There is no white smoke over Bogota. The Supreme Court has thus far failed to accept any of the three options for attorney general suggested by President Gustavo Petro (Humane Colombia, left). The president called on his supporters, many of them union members, to demonstrate, and then distanced himself when the protests turned violent. 

  • Outside the Supreme Court, a siege of sorts took place. Protesters sought to prevent the hesitant judges from leaving until they had a favorable result. They then called for the court, which is considered relatively technocratic and impartial, to be dissolved.

  • Officials at the Palace of Justice sought to intercede, albeit to no avail. Police were eventually pelted with stones, to which they responded with tear gas. The judges and court officials were subsequently escorted from the building. 

  • Petro, conscious of the need to keep up appearances, has attempted to absolve himself of all responsibility. He talks of “infiltrators” among the protesters, and claims he did not call for demonstrations against the court.

Between the Lines. The president’s change of tone is rather unconvincing. The OAS, however, struck a conciliatory tone, demanding that “attempts by different political actors to damage the democratic process in Colombia be abandoned.” It even entertained Petro’s talk of a coup against him and criticized “threats to interrupt the constitutional mandate of President Petro.”

  • The president needs a successor to Attorney General Francisco Barbosa, who left office on Monday. Barbosa, a staunch critic of the government, was provisionally replaced by his deputy, Martha Mancera, who is accused of covering up a drug trafficker. 

  • Petro says the Prosecutor’s Office is leading a witch hunt against him and asks the Supreme Court for a quick vote, which is unlikely. Indeed, under previous presidents, attorney general appointments have taken over a year.

  • The Prosecutor’s Office handles cases that harm Petro. Nicolás, his son, has been charged with money laundering. Furthermore, FECODE, the pro-government teachers’ union, was recently raided for an unreported donation of $127,000 to Petro’s presidential campaign.

Panorama.
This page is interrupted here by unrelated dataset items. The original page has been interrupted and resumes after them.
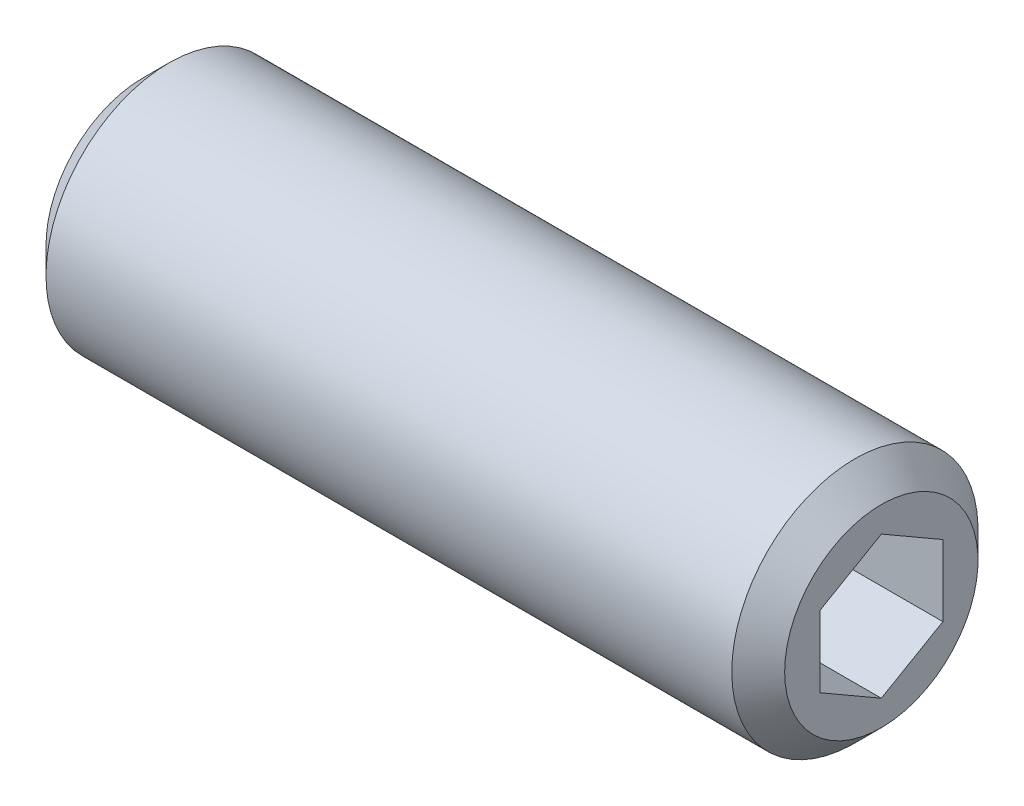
ISO-10303-21;
HEADER;
FILE_DESCRIPTION(('STEP AP214'),'2;1');
FILE_NAME('part.step','',(''),(''),'','','');
FILE_SCHEMA(('AUTOMOTIVE_DESIGN { 1 0 10303 214 1 1 1 1 }'));
ENDSEC;
DATA;
#1=APPLICATION_CONTEXT('core data for automotive mechanical design processes');
#2=APPLICATION_PROTOCOL_DEFINITION('international standard','automotive_design',2000,#1);
#3=PRODUCT_CONTEXT('',#1,'mechanical');
#4=PRODUCT('Part','Part','',(#3));
#5=PRODUCT_RELATED_PRODUCT_CATEGORY('part','',(#4));
#6=PRODUCT_DEFINITION_FORMATION('','',#4);
#7=PRODUCT_DEFINITION_CONTEXT('part definition',#1,'design');
#8=PRODUCT_DEFINITION('design','',#6,#7);
#9=PRODUCT_DEFINITION_SHAPE('','',#8);
#10=(LENGTH_UNIT() NAMED_UNIT(*) SI_UNIT(.MILLI.,.METRE.));
#11=(NAMED_UNIT(*) PLANE_ANGLE_UNIT() SI_UNIT($,.RADIAN.));
#12=(NAMED_UNIT(*) SI_UNIT($,.STERADIAN.) SOLID_ANGLE_UNIT());
#13=UNCERTAINTY_MEASURE_WITH_UNIT(LENGTH_MEASURE(1.E-05),#10,'distance_accuracy_value','');
#14=(GEOMETRIC_REPRESENTATION_CONTEXT(3) GLOBAL_UNCERTAINTY_ASSIGNED_CONTEXT((#13)) GLOBAL_UNIT_ASSIGNED_CONTEXT((#10,
#11,#12)) REPRESENTATION_CONTEXT('',''));
#15=CARTESIAN_POINT('',(0.,0.,0.));
#16=DIRECTION('',(0.,0.,1.));
#17=DIRECTION('',(1.,0.,0.));
#18=AXIS2_PLACEMENT_3D('',#15,#16,#17);
#19=CARTESIAN_POINT('',(12.,-0.577350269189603,-1.00000000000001));
#20=DIRECTION('',(0.,0.,-1.));
#21=DIRECTION('',(-1.,0.,0.));
#22=AXIS2_PLACEMENT_3D('',#19,#20,#21);
#23=PLANE('',#22);
#24=DIRECTION('',(1.,0.,0.));
#25=VECTOR('',#24,1.);
#26=CARTESIAN_POINT('',(12.,-0.577350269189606,-1.00000000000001));
#27=LINE('',#26,#25);
#28=CARTESIAN_POINT('',(9.50000000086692,-0.577350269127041,-0.999999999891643));
#29=VERTEX_POINT('',#28);
#30=CARTESIAN_POINT('',(12.,-0.577350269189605,-1.00000000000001));
#31=VERTEX_POINT('',#30);
#32=EDGE_CURVE('E76',#29,#31,#27,.T.);
#33=ORIENTED_EDGE('',*,*,#32,.T.);
#34=DIRECTION('',(0.,1.,0.));
#35=VECTOR('',#34,1.);
#36=CARTESIAN_POINT('',(12.,-0.577350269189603,-1.00000000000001));
#37=LINE('',#36,#35);
#38=CARTESIAN_POINT('',(12.,0.577350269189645,-0.999999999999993));
#39=VERTEX_POINT('',#38);
#40=EDGE_CURVE('E82',#39,#31,#37,.F.);
#41=ORIENTED_EDGE('',*,*,#40,.F.);
#42=DIRECTION('',(1.,0.,0.));
#43=VECTOR('',#42,1.);
#44=CARTESIAN_POINT('',(12.,0.577350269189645,-0.999999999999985));
#45=LINE('',#44,#43);
#46=CARTESIAN_POINT('',(9.50000000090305,0.577350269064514,-0.999999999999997));
#47=VERTEX_POINT('',#46);
#48=EDGE_CURVE('E79',#39,#47,#45,.F.);
#49=ORIENTED_EDGE('',*,*,#48,.T.);
#50=CARTESIAN_POINT('',(9.50000000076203,-0.577350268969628,-1.00000000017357));
#51=CARTESIAN_POINT('',(9.4853477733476,-0.526608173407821,-1.00000000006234));
#52=CARTESIAN_POINT('',(9.47202233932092,-0.475428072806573,-1.00000000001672));
#53=CARTESIAN_POINT('',(9.4487631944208,-0.372181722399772,-0.999999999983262));
#54=CARTESIAN_POINT('',(9.43883771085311,-0.320113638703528,-0.999999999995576));
#55=CARTESIAN_POINT('',(9.42338798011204,-0.216622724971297,-1.00000000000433));
#56=CARTESIAN_POINT('',(9.41776089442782,-0.165215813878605,-1.00000000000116));
#57=CARTESIAN_POINT('',(9.41104458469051,-0.0621602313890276,-0.999999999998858));
#58=CARTESIAN_POINT('',(9.40994979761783,-0.0105119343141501,-0.999999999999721));
#59=CARTESIAN_POINT('',(9.41223314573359,0.0859873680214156,-1.00000000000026));
#60=CARTESIAN_POINT('',(9.41505064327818,0.130852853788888,-1.00000000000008));
#61=CARTESIAN_POINT('',(9.42397865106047,0.22029154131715,-0.999999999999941));
#62=CARTESIAN_POINT('',(9.43009220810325,0.264864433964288,-0.99999999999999));
#63=CARTESIAN_POINT('',(9.44537491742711,0.354487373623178,-1.00000000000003));
#64=CARTESIAN_POINT('',(9.45460882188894,0.399526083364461,-1.00000000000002));
#65=CARTESIAN_POINT('',(9.47556588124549,0.488931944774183,-0.999999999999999));
#66=CARTESIAN_POINT('',(9.48728411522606,0.533300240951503,-0.999999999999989));
#67=CARTESIAN_POINT('',(9.5000000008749,0.577350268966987,-1.00000000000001));
#68=B_SPLINE_CURVE_WITH_KNOTS('',3,(#50,#51,#52,#53,#54,#55,#56,#57,#58,#59,#60,#61,#62,#63,#64,
#65,#66,#67),.UNSPECIFIED.,.F.,.F.,(4,2,2,2,2,2,2,2,4),(0.,0.158508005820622,0.317396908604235,
0.472353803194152,0.627120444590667,0.761853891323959,0.896712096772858,1.03456081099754,
1.17213898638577),.UNSPECIFIED.);
#69=EDGE_CURVE('E20',#29,#47,#68,.T.);
#70=ORIENTED_EDGE('',*,*,#69,.F.);
#71=EDGE_LOOP('',(#33,#41,#49,#70));
#72=FACE_BOUND('',#71,.T.);
#73=ADVANCED_FACE('F16',(#72),#23,.F.);
#74=CARTESIAN_POINT('',(12.,-1.15470053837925,0.));
#75=DIRECTION('',(0.,-0.866025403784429,-0.500000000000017));
#76=DIRECTION('',(0.,0.500000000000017,-0.866025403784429));
#77=AXIS2_PLACEMENT_3D('',#74,#75,#76);
#78=PLANE('',#77);
#79=DIRECTION('',(1.,0.,0.));
#80=VECTOR('',#79,1.);
#81=CARTESIAN_POINT('',(12.,-1.15470053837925,0.));
#82=LINE('',#81,#80);
#83=CARTESIAN_POINT('',(9.50000000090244,-1.15470053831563,-1.1020165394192E-10));
#84=VERTEX_POINT('',#83);
#85=CARTESIAN_POINT('',(12.,-1.15470053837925,0.));
#86=VERTEX_POINT('',#85);
#87=EDGE_CURVE('E146',#84,#86,#82,.T.);
#88=ORIENTED_EDGE('',*,*,#87,.T.);
#89=DIRECTION('',(0.,0.500000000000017,-0.866025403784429));
#90=VECTOR('',#89,1.);
#91=CARTESIAN_POINT('',(12.,-1.15470053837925,0.));
#92=LINE('',#91,#90);
#93=EDGE_CURVE('E92',#31,#86,#92,.F.);
#94=ORIENTED_EDGE('',*,*,#93,.F.);
#95=ORIENTED_EDGE('',*,*,#32,.F.);
#96=CARTESIAN_POINT('',(9.5000000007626,-1.15470053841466,-2.79912118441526E-10));
#97=CARTESIAN_POINT('',(9.48534777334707,-1.12932949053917,-0.0439439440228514));
#98=CARTESIAN_POINT('',(9.47202233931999,-1.10373944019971,-0.088267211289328));
#99=CARTESIAN_POINT('',(9.44876319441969,-1.05211626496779,-0.177681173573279));
#100=CARTESIAN_POINT('',(9.43883771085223,-1.02608222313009,-0.222773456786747));
#101=CARTESIAN_POINT('',(9.42338798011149,-0.974336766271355,-0.312399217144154));
#102=CARTESIAN_POINT('',(9.41776089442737,-0.948633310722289,-0.356918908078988));
#103=CARTESIAN_POINT('',(9.41104458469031,-0.897105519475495,-0.446167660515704));
#104=CARTESIAN_POINT('',(9.40994979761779,-0.871281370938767,-0.490896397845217));
#105=CARTESIAN_POINT('',(9.41223314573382,-0.823031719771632,-0.574467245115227));
#106=CARTESIAN_POINT('',(9.4150506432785,-0.800598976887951,-0.613321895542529));
#107=CARTESIAN_POINT('',(9.42397865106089,-0.755879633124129,-0.690778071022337));
#108=CARTESIAN_POINT('',(9.43009220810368,-0.733593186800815,-0.729379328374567));
#109=CARTESIAN_POINT('',(9.4453749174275,-0.688781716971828,-0.806995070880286));
#110=CARTESIAN_POINT('',(9.45460882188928,-0.66626236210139,-0.845999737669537));
#111=CARTESIAN_POINT('',(9.47556588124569,-0.621559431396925,-0.923427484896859));
#112=CARTESIAN_POINT('',(9.48728411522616,-0.599375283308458,-0.961851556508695));
#113=CARTESIAN_POINT('',(9.50000000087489,-0.577350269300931,-0.999999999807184));
#114=B_SPLINE_CURVE_WITH_KNOTS('',3,(#96,#97,#98,#99,#100,#101,#102,#103,#104,#105,#106,#107,
#108,#109,#110,#111,#112,#113),.UNSPECIFIED.,.F.,.F.,(4,2,2,2,2,2,2,2,4),(0.,0.158508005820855,
0.317396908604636,0.472353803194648,0.627120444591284,0.761853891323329,0.896712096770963,
1.03456081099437,1.17213898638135),.UNSPECIFIED.);
#115=EDGE_CURVE('E84',#84,#29,#114,.T.);
#116=ORIENTED_EDGE('',*,*,#115,.F.);
#117=EDGE_LOOP('',(#88,#94,#95,#116));
#118=FACE_BOUND('',#117,.T.);
#119=ADVANCED_FACE('F93',(#118),#78,.F.);
#120=CARTESIAN_POINT('',(12.,0.577350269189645,-0.999999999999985));
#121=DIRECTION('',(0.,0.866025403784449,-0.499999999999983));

The state of affairs would be different if Petro were a popular leader, but he is not. In 2022, he clinched the presidency with a mere 50.42% of the vote; last December, his approval rate stood at 26%. His peace talks with the National Liberation Army, an armed group fond of kidnapping, are similarly unpopular.

  • In recent years, Colombia, like many countries in the region, has experienced an uptick in crime. In fact, the first nine months of 2023 saw a 70% increase in kidnappings. 

  • It is unlikely that the current Minister of Defense, Iván Velázquez, will be able to control the phenomenon. The former head of the UN-backed CICIG theoretically leads the defense apparatus, but he has never hidden his distaste for the military

  • Petro lacks the Midas touch. The economy grew 1.2% in 2023, an obscenely low figure for a Latin American country. Inflation has been persistently high and ended the year at 9.3%, forcing the Bank of Colombia to keep its 13% benchmark rate. 

The Balance. Unfortunately for Petro, the Supreme Court can continue to prevaricate, although it is under immense pressure, both from within and without, to pick one of Petro’s three candidates. For better or worse, Mancera will take the reins of the Prosecutor’s Office and continue the “persecution” loathed by the president.

  • Colombia lacks immediate re-election, and Petro is not keen on having a hostile Prosecutor’s Office for the rest of his term. Colombia’s habit of prosecuting former presidents, including conservative Álvaro Uribe, could pose an additional complication. 

  • It is unlikely that the confrontation with the Prosecutor’s Office will make the president recalibrate his efforts. When an internal war between radicals and moderates broke out in his cabinet, Petro opted to shift further left.

  • Petro is, much to the country’s chagrin, ideologically consistent. The president, a committed environmentalist, has harmed the state-owned energy giant, Ecopetrol, with a punitive tax reform. This is far from sensible in a country whose primary export product is oil, followed by coal.